This week, I finished step 2: Noise Estimation and moved on the step 3: Evaluating the Ranges.

The first thing I did was create a function that would get the intensity value for a specific inputted frequency value. Dr. Colgan had helped me a lot with writing this piece of code. What we had discovered was that the np.where command turns the numpy arrays into tuples. This is why there is an int() command to turn the tuples back into integers. This way they become much easier to work with because they work with all kinds of commands, and they are mutable which means I can change their values later on in the code. Tuples are immutable and cannot be changed later on.

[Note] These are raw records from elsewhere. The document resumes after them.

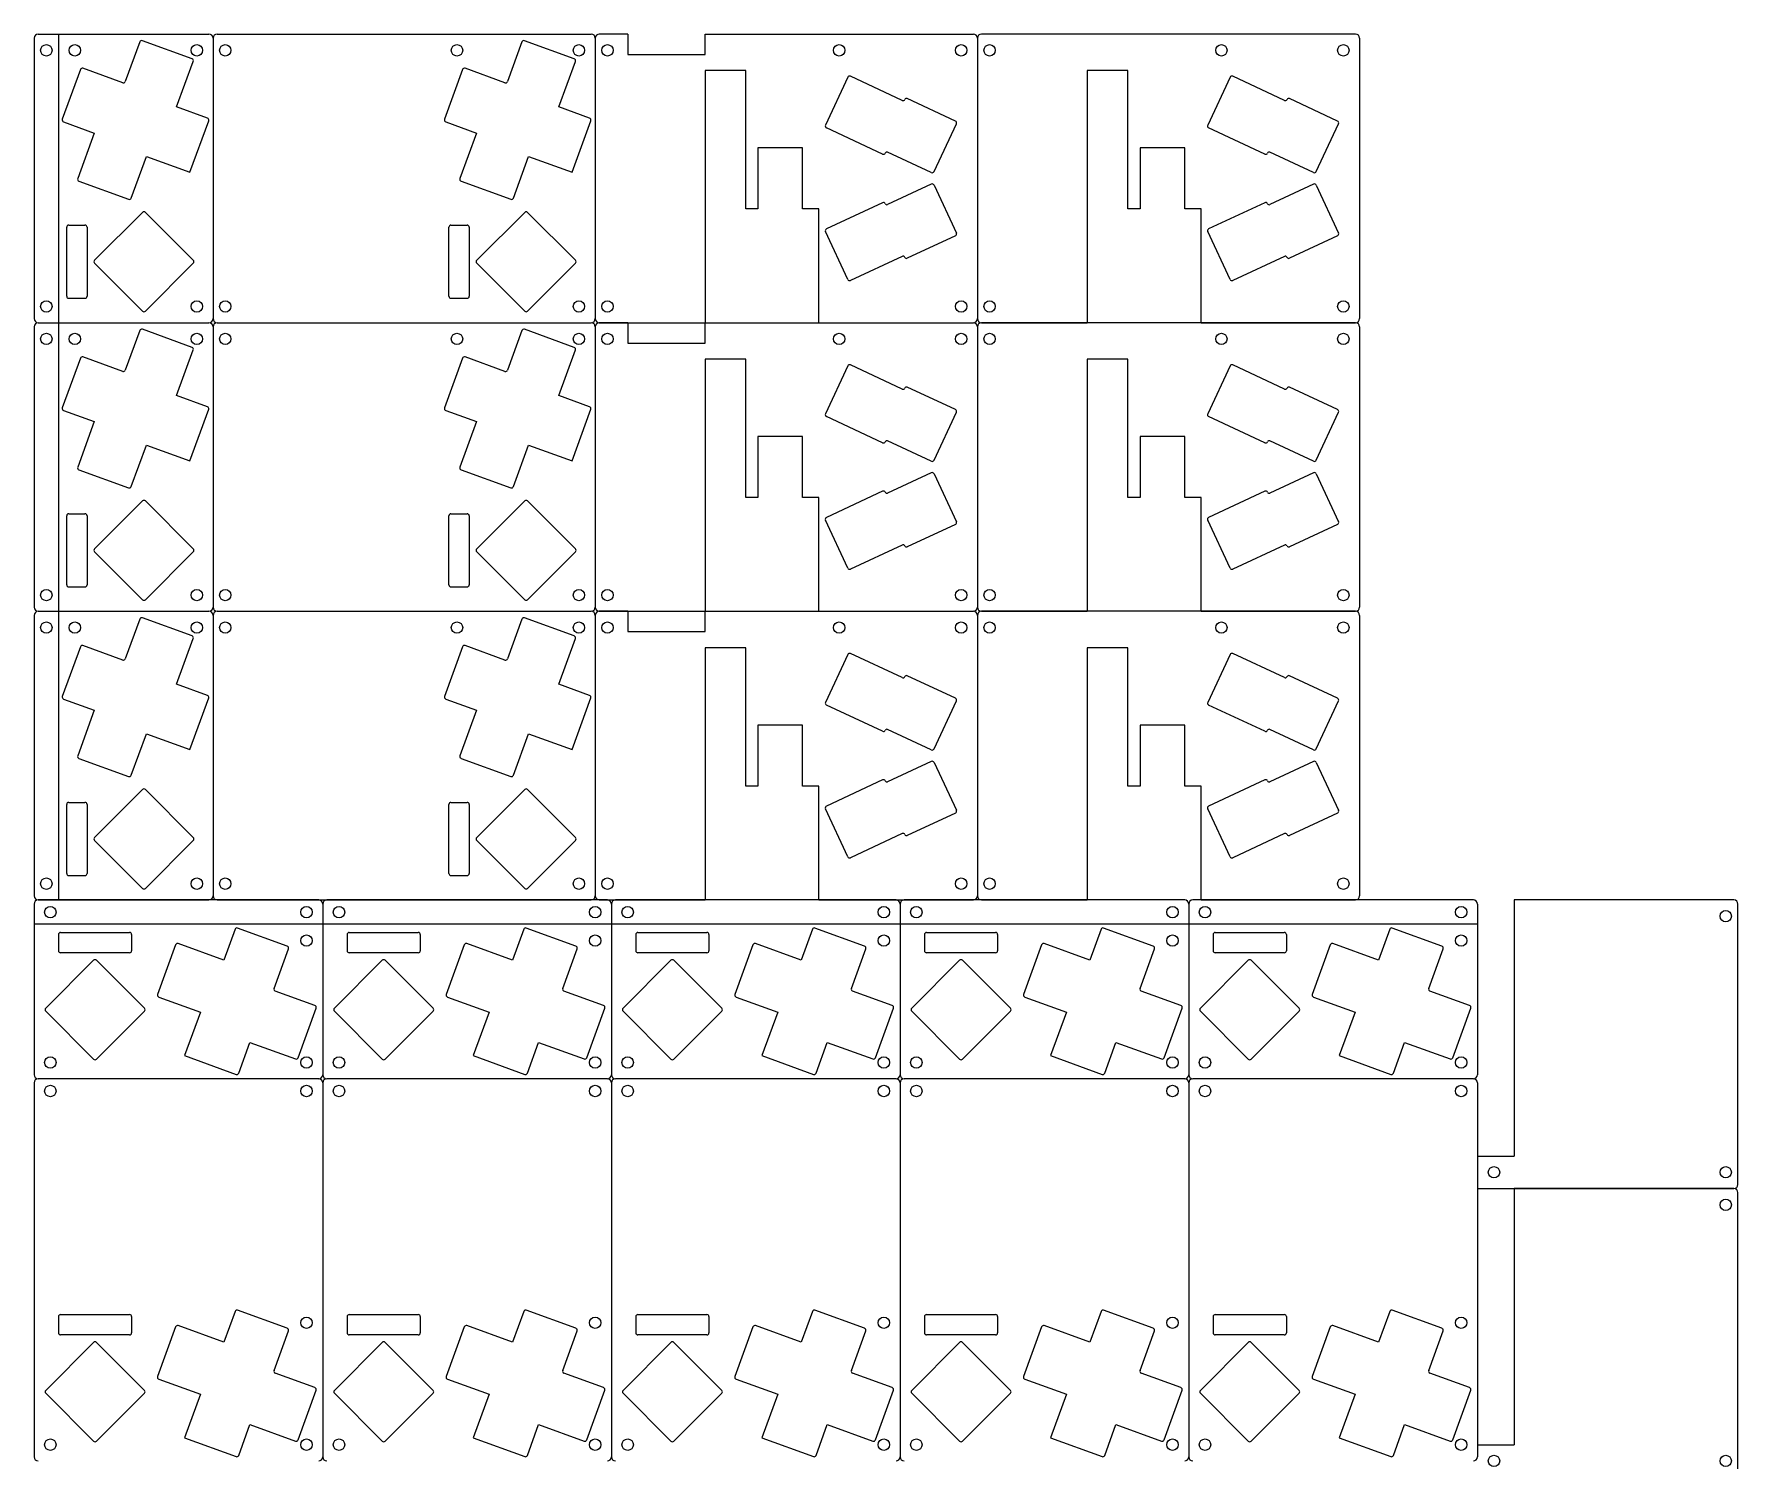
# Model space of a CAD drawing. Extents: x -1.3 to 16.8, y 0 to 26.2.
# Drawn here: x 0.25 to 16.75, y 12.34 to 26.16 of the extents above; entities that cross this region are included whole.
import ezdxf

# ---------------------------------------------------------------- set-up
doc = ezdxf.new("R2010")
doc.units = 0
doc.layers.add('20', color=1, linetype='CONTINUOUS')

msp = doc.modelspace()

# ---------------------------------------------------------------- linework, layer by layer
at = {"layer": '20'}
for p, q in [((0.250394, 26.115748), (0.250394, 23.399213)), ((0.289764, 26.155118), (0.486614, 26.155118)), ((0.486614, 26.155118), (0.486614, 23.359843)), ((0.486614, 26.155118), (1.943307, 26.155118)), ((1.272716, 26.079372), (1.1329, 25.69523)), ((1.778892, 25.916087), (1.297946, 26.091137)), ((1.982677, 26.115748), (1.982677, 23.399213)), ((2.022047, 26.155118), (5.644094, 26.155118)), ((4.973503, 26.079372), (4.833687, 25.69523)), ((5.479679, 25.916087), (4.998734, 26.091137)), ((5.683465, 26.115748), (5.683465, 23.399213)), ((5.998425, 26.155118), (5.722835, 26.155118)), ((5.998425, 26.155118), (5.998425, 25.958268)), ((6.746457, 25.958268), (6.746457, 26.155118)), ((6.746457, 26.155118), (9.344882, 26.155118)), ((9.384252, 26.115748), (9.384252, 23.399213)), ((13.045669, 26.155118), (9.423622, 26.155118)), ((13.085039, 26.115748), (13.085039, 23.399213)), ((5.998425, 25.958268), (6.746457, 25.958268)), ((0.697913, 25.811655), (0.522863, 25.33071)), ((1.107669, 25.683464), (0.723143, 25.82342)), ((1.630152, 25.449873), (1.790657, 25.890857)), ((4.3987, 25.811655), (4.22365, 25.33071)), ((4.808457, 25.683464), (4.423931, 25.82342)), ((5.330939, 25.449873), (5.491444, 25.890857)), ((7.140157, 25.800787), (6.746457, 25.800787)), ((6.746457, 25.800787), (6.746457, 23.359843)), ((7.140157, 24.462205), (7.140157, 25.800787)), ((8.655624, 25.51286), (8.155631, 25.74601)), ((10.840945, 25.800787), (10.447244, 25.800787)), ((10.447244, 25.800787), (10.447244, 23.359843)), ((10.840945, 24.462205), (10.840945, 25.800787)), ((12.356412, 25.51286), (11.856418, 25.74601)), ((8.129471, 25.736489), (7.913171, 25.272631)), ((11.830258, 25.736489), (11.613958, 25.272631)), ((1.928498, 25.341284), (1.630152, 25.449873)), ((5.629285, 25.341284), (5.330939, 25.449873)), ((9.170671, 25.313174), (8.704385, 25.530607)), ((12.871458, 25.313174), (12.405172, 25.530607)), ((0.534628, 25.30548), (0.832974, 25.196891)), ((1.758481, 24.816611), (1.940263, 25.316054)), ((4.235415, 25.30548), (4.533762, 25.196891)), ((5.459268, 24.816611), (5.64105, 25.316054)), ((8.466306, 24.992979), (7.922692, 25.246471)), ((8.963891, 24.823156), (9.180192, 25.287014)), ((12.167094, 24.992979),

Screen Shot 2018-04-06 at 11.26.30 PMThe previous intern had already identified areas with great noise, so I used her ranges for the noise estimation. Picking up where I left off last week, I was solving for different sigma values from the different ranges. I turned my sequence of code into a function.

This made it easy for me to get the sigma value for any range at any point in my code because all I have to do is call the function.

Screen Shot 2018-04-06 at 11.49.42 PM.png

A challenge I faced this week were trying to call a variable that I defined in a function. I guess it did not occur to me that I could not call a variable that was defined in a function. Eventually, I realized I can set the call to a function, get_sigma(range_1) equal to a variable and still be able to call to that variable later.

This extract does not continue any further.